**Supplied records**
+===+

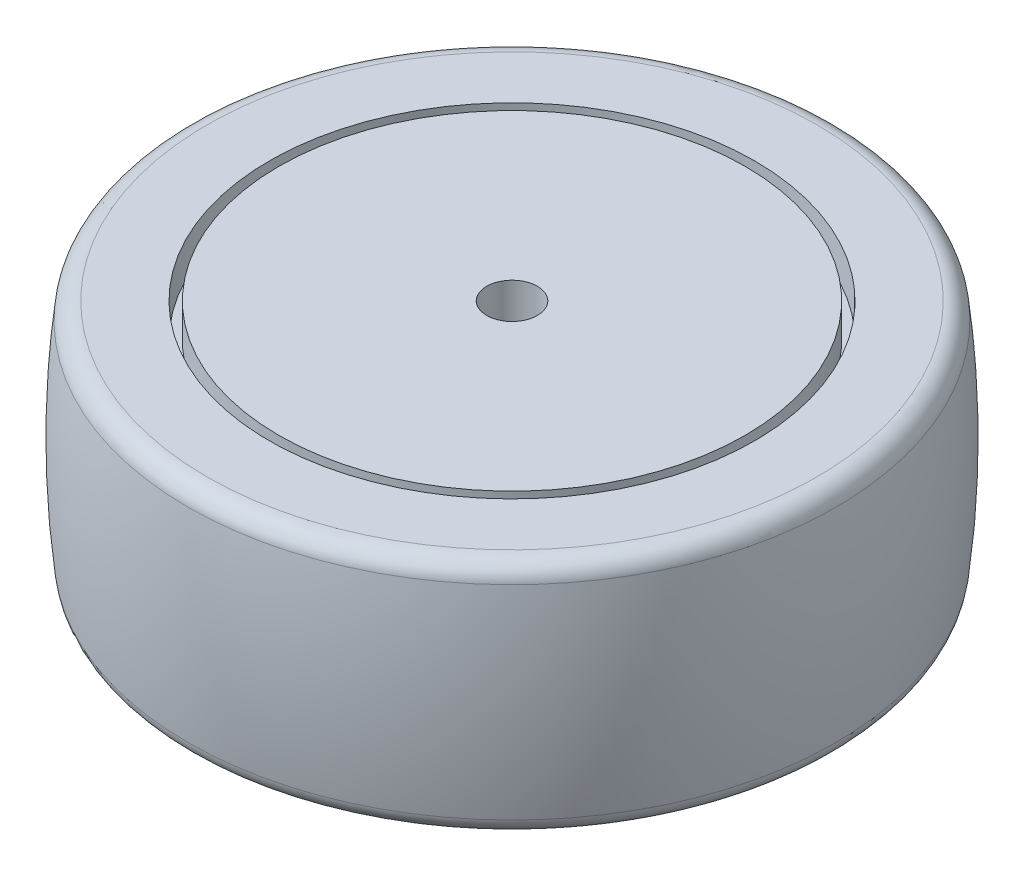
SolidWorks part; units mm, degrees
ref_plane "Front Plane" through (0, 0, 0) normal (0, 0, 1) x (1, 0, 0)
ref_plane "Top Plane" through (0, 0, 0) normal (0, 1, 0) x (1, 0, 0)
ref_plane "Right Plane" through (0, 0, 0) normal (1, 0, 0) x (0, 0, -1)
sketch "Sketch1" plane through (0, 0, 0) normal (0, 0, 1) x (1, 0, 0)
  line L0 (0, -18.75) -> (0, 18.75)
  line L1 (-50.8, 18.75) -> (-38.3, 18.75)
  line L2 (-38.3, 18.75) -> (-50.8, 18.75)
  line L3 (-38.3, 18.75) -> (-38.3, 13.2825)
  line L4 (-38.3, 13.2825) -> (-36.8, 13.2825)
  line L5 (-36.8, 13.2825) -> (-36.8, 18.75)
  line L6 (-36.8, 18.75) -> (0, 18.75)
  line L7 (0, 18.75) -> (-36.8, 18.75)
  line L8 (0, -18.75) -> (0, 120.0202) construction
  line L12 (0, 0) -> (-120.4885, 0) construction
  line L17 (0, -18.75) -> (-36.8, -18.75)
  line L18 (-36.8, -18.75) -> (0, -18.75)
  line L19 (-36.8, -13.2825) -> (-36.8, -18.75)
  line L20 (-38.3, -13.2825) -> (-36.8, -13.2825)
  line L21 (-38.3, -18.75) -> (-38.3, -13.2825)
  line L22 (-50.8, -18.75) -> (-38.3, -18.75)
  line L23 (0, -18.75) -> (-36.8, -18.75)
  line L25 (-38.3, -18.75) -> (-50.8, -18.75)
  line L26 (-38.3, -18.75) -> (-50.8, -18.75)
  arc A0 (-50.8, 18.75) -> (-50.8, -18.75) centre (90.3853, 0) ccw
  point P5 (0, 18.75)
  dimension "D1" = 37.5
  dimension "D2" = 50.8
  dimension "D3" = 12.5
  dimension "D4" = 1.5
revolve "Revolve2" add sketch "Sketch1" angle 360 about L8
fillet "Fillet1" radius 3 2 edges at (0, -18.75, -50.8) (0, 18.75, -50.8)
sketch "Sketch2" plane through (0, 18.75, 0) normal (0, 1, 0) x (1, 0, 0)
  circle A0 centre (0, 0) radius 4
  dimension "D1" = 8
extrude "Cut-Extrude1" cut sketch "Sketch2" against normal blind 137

+===+

**Problem statement**
The answer must be every line of the data that holds the word "centre".

**Reply to the exercise**
  arc A0 (-50.8, 18.75) -> (-50.8, -18.75) centre (90.3853, 0) ccw
  circle A0 centre (0, 0) radius 4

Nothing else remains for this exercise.